Participants were English-speaking family caregivers of CMC enrolled in the PCCP who were at least 18 years of age, cared for a child with an enteral tube, and lived within 1 hour of the institution. Purposive recruitment was used to enroll participants with varying education levels, urban and rural households, and duration of experience of caring for a child with an enteral tube. Families participating in codesign sessions were different from those participating in usability testing. A schematic of the study activities is provided in Fig 1. This study was approved by the university’s institutional review board.
Overview
We used a 2-stage process to design the app. In the first stage, we conducted a participatory codesign process19–27 in which we collaborated with family caregivers to design and develop the app prototype. Next, we conducted 3 waves of usability testing to further refine the prototype. We describe each of these stages in detail in the following sections.

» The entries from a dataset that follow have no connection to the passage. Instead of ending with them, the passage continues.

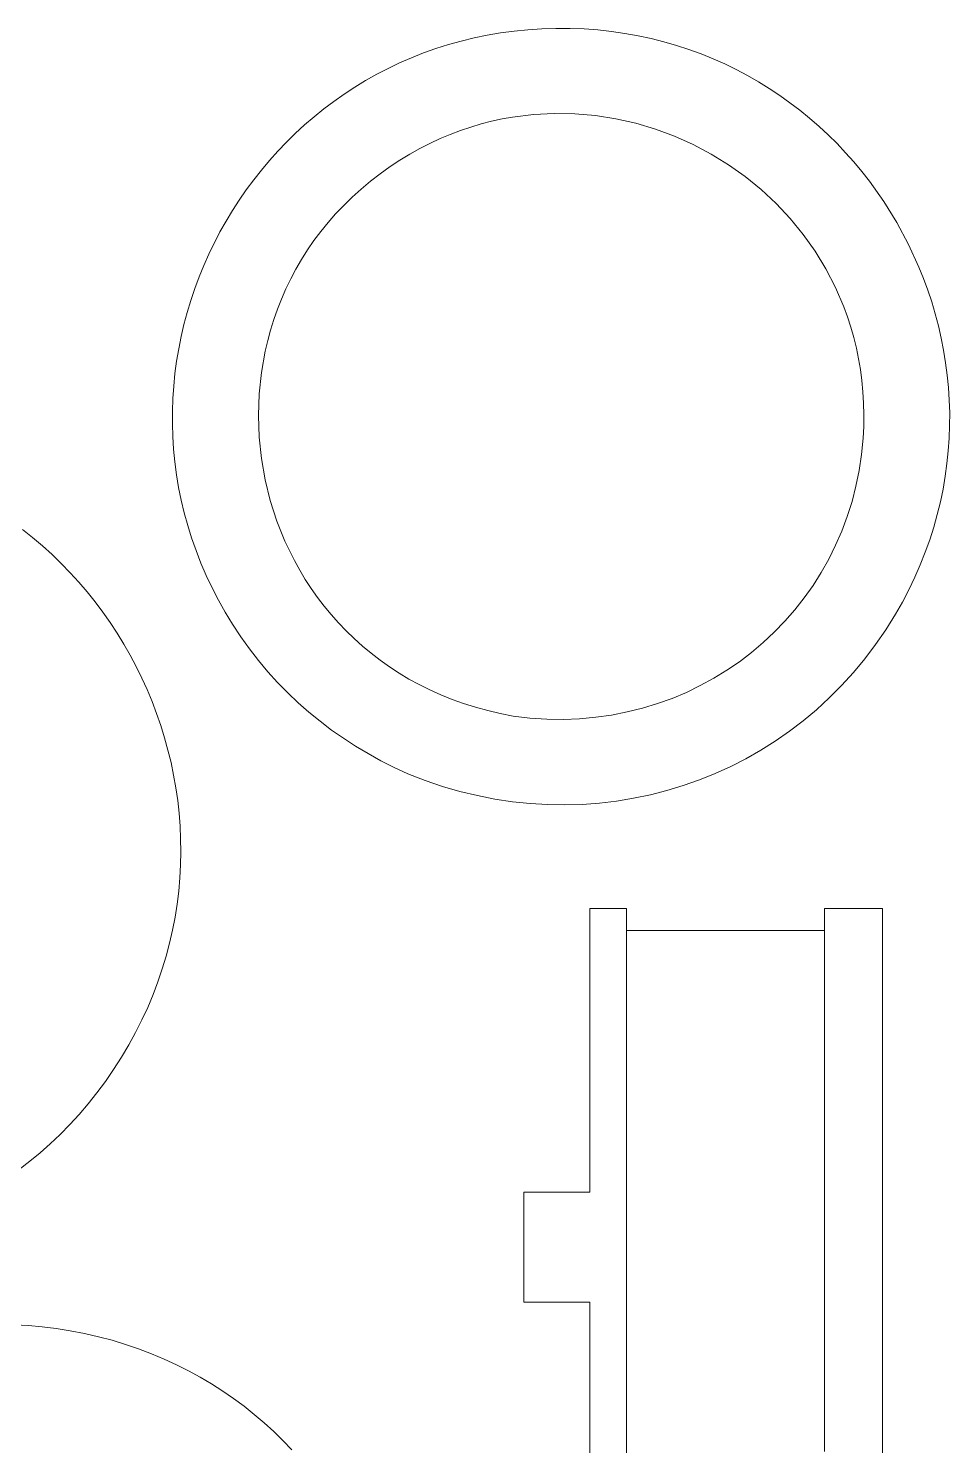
# Model space of a CAD drawing. Header units: centimetres. Extents: x -43.9 to 43.9, y -33.6 to 33.6.
# Drawn here: x -0.8 to 3.44, y -21.8 to -15.28 of the extents above; entities that cross this region are included whole.
import ezdxf

# ---------------------------------------------------------------- set-up
doc = ezdxf.new("R2010")
doc.units = ezdxf.units.CM
doc.header["$MEASUREMENT"] = 0
doc.layers.add('Camada 1', color=7, linetype='Continuous')

msp = doc.modelspace()

# ---------------------------------------------------------------- linework, layer by layer
at = {"layer": 'Camada 1', "color": 3, "lineweight": 9}
for points in [[(1.30858, -15.31239), (1.30858, -15.31239), (1.24804, -15.32489), (1.24804, -15.32489)], [(1.37007, -15.30192), (1.37007, -15.30192), (1.30858, -15.31239), (1.30858, -15.31239)], [(1.43247, -15.29352), (1.43247, -15.29352), (1.37007, -15.30192), (1.37007, -15.30192)], [(1.49577, -15.28723), (1.49577, -15.28723), (1.43247, -15.29352), (1.43247, -15.29352)], [(1.55992, -15.28307), (1.55992, -15.28307), (1.49577, -15.28723), (1.49577, -15.28723)], [(1.62493, -15.28113), (1.62493, -15.28113), (1.55992, -15.28307), (1.55992, -15.28307)], [(1.68992, -15.28142), (1.68992, -15.28142), (1.62493, -15.28113), (1.62493, -15.28113)], [(1.75411, -15.28391), (1.75411, -15.28391), (1.68992, -15.28142), (1.68992, -15.28142)], [(1.81749, -15.28857), (1.81749, -15.28857), (1.75411, -15.28391), (1.75411, -15.28391)], [(1.88003, -15.29535), (1.88003, -15.29535), (1.81749, -15.28857), (1.81749, -15.28857)], [(1.94171, -15.30422), (1.94171, -15.30422), (1.88003, -15.29535), (1.88003, -15.29535)], [(2.00251, -15.31513), (2.00251, -15.31513), (1.94171, -15.30422), (1.94171, -15.30422)], [(1.07225, -15.37408), (1.07225, -15.37408), (1.01568, -15.39423), (1.01568, -15.39423)], [(1.12985, -15.35578), (1.12985, -15.35578), (1.07225, -15.37408), (1.07225, -15.37408)], [(1.18845, -15.33937), (1.18845, -15.33937), (1.12985, -15.35578), (1.12985, -15.35578)], [(1.24804, -15.32489), (1.24804, -15.32489), (1.18845, -15.33937), (1.18845, -15.33937)], [(2.06239, -15.32803), (2.06239, -15.32803), (2.00251, -15.31513), (2.00251, -15.31513)], [(2.12134, -15.34288), (2.12134, -15.34288), (2.06239, -15.32803), (2.06239, -15.32803)], [(2.17933, -15.35965), (2.17933, -15.35965), (2.12134, -15.34288), (2.12134, -15.34288)], [(2.23633, -15.37828), (2.23633, -15.37828), (2.17933, -15.35965), (2.17933, -15.35965)], [(2.29233, -15.39874), (2.29233, -15.39874), (2.23633, -15.37828), (2.23633, -15.37828)], [(0.90573, -15.4399), (0.90573, -15.4399), (0.8524, -15.46534), (0.8524, -15.46534)], [(0.96016, -15.41619), (0.96016, -15.41619), (0.90573, -15.4399), (0.90573, -15.4399)], [(1.01568, -15.39423), (1.01568, -15.39423), (0.96016, -15.41619), (0.96016, -15.41619)], [(2.3473, -15.42098), (2.3473, -15.42098), (2.29233, -15.39874), (2.29233, -15.39874)], [(2.40121, -15.44496), (2.40121, -15.44496), (2.3473, -15.42098), (2.3473, -15.42098)], [(0.80018, -15.49245), (0.80018, -15.49245), (0.74912, -15.52119), (0.74912, -15.52119)], [(0.8524, -15.46534), (0.8524, -15.46534), (0.80018, -15.49245), (0.80018, -15.49245)], [(2.45404, -15.47063), (2.45404, -15.47063), (2.40121, -15.44496), (2.40121, -15.44496)], [(2.50577, -15.49796), (2.50577, -15.49796), (2.45404, -15.47063), (2.45404, -15.47063)], [(2.55637, -15.5269), (2.55637, -15.5269), (2.50577, -15.49796), (2.50577, -15.49796)], [(0.69922, -15.55151), (0.69922, -15.55151), (0.65053, -15.58339), (0.65053, -15.58339)], [(0.74912, -15.52119), (0.74912, -15.52119), (0.69922, -15.55151), (0.69922, -15.55151)], [(2.60583, -15.55741), (2.60583, -15.55741), (2.55637, -15.5269), (2.55637, -15.5269)], [(2.6541, -15.58945), (2.6541, -15.58945), (2.60583, -15.55741), (2.60583, -15.55741)], [(0.60304, -15.61676), (0.60304, -15.61676), (0.5568, -15.65159), (0.5568, -15.65159)], [(0.65053, -15.58339), (0.65053, -15.58339), (0.60304, -15.61676), (0.60304, -15.61676)], [(2.70118, -15.62297), (2.70118, -15.62297), (2.6541, -15.58945), (2.6541, -15.58945)], [(2.74703, -15.65793), (2.74703, -15.65793), (2.70118, -15.62297), (2.70118, -15.62297)], [(0.51182, -15.68783), (0.51182, -15.68783), (0.46813, -15.72544), (0.46813, -15.72544)], [(0.5568, -15.65159), (0.5568, -15.65159), (0.51182, -15.68783), (0.51182, -15.68783)], [(1.32886, -15.70839), (1.32886, -15.70839), (1.37679, -15.69794), (1.37679, -15.69794)], [(1.37679, -15.69794), (1.37679, -15.69794), (1.4248, -15.68929), (1.4248, -15.68929)], [(1.4248, -15.68929), (1.4248, -15.68929), (1.52086, -15.67728), (1.52086, -15.67728)], [(1.52086, -15.67728), (1.52086, -15.67728), (1.61673, -15.6722), (1.61673, -15.6722)], [(1.61673, -15.6722), (1.61673, -15.6722), (1.71209, -15.67387), (1.71209, -15.67387)], [(1.71209, -15.67387), (1.71209, -15.67387), (1.80663, -15.68209), (1.80663, -15.68209)], [(1.80663, -15.68209), (1.80663, -15.68209), (1.90004, -15.69672), (1.90004, -15.69672)], [(1.90004, -15.69672), (1.90004, -15.69672), (1.99198, -15.71754), (1.99198, -15.71754)], [(2.79163, -15.6943), (2.79163, -15.6943), (2.74703, -15.65793), (2.74703, -15.65793)], [(2.83496, -15.73201), (2.83496, -15.73201), (2.79163, -15.6943), (2.79163, -15.6943)], [(0.42575, -15.76438), (0.42575, -15.76438), (0.3847, -15.8046), (0.3847, -15.8046)], [(0.46813, -15.72544), (0.46813, -15.72544), (0.42575, -15.76438), (0.42575, -15.76438)], [(1.09163, -15.78837), (1.09163, -15.78837), (1.13863, -15.7686), (1.13863, -15.7686)], [(1.13863, -15.7686), (1.13863, -15.7686), (1.18588, -15.75074), (1.18588, -15.75074)], [(1.18588, -15.75074), (1.18588, -15.75074), (1.23336, -15.73477), (1.23336, -15.73477)], [(1.23336, -15.73477), (1.23336, -15.73477), (1.28103, -15.72066), (1.28103, -15.72066)], [(1.28103, -15.72066), (1.28103, -15.72066), (1.32886, -15.70839), (1.32886, -15.70839)], [(1.99198, -15.71754), (1.99198, -15.71754), (2.08214, -15.74441), (2.08214, -15.74441)], [(2.08214, -15.74441), (2.08214, -15.74441), (2.17023, -15.77714), (2.17023, -15.77714)], [(2.87699, -15.77104), (2.87699, -15.77104), (2.83496, -15.73201), (2.83496, -15.73201)], [(0.3847, -15.8046), (0.3847, -15.8046), (0.345, -15.84606), (0.345, -15.84606)], [(0.95269, -15.85934), (0.95269, -15.85934), (0.99864, -15.83372), (0.99864, -15.83372)], [(0.99864, -15.83372), (0.99864, -15.83372), (1.04496, -15.81006), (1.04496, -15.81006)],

Codesign Sessions: Data Collection and Analysis
Four codesign sessions with family caregivers were conducted at 2- to 3-week intervals, with research team meetings after each codesign session. Research team members (N = 8) included 3 human-centered design experts, a PCCP nurse, 2 PCCP pediatricians, a professional family advocate for CMC, and a parent of a CMC. The research team’s role was to facilitate codesign sessions, synthesize ideas proposed by the design session participants, and create digital mock-ups of the app for discussion. At each codesign session, 2 research team members facilitated discussion and activities. The first codesign session involved a discussion of the broad vision of the app,28 the reason for focusing on enteral care; preliminary results from previously conducted in-home interviews with family caregivers of CMC; and an enteral care support needs assessment previously completed with PCCP family caregivers. The sessions began with participants identifying the overall purpose of the app, followed by discussion and affinity diagramming to identify the core app functions. Subsequent codesign sessions were focused on identifying and describing the app user groups and the desired interface features.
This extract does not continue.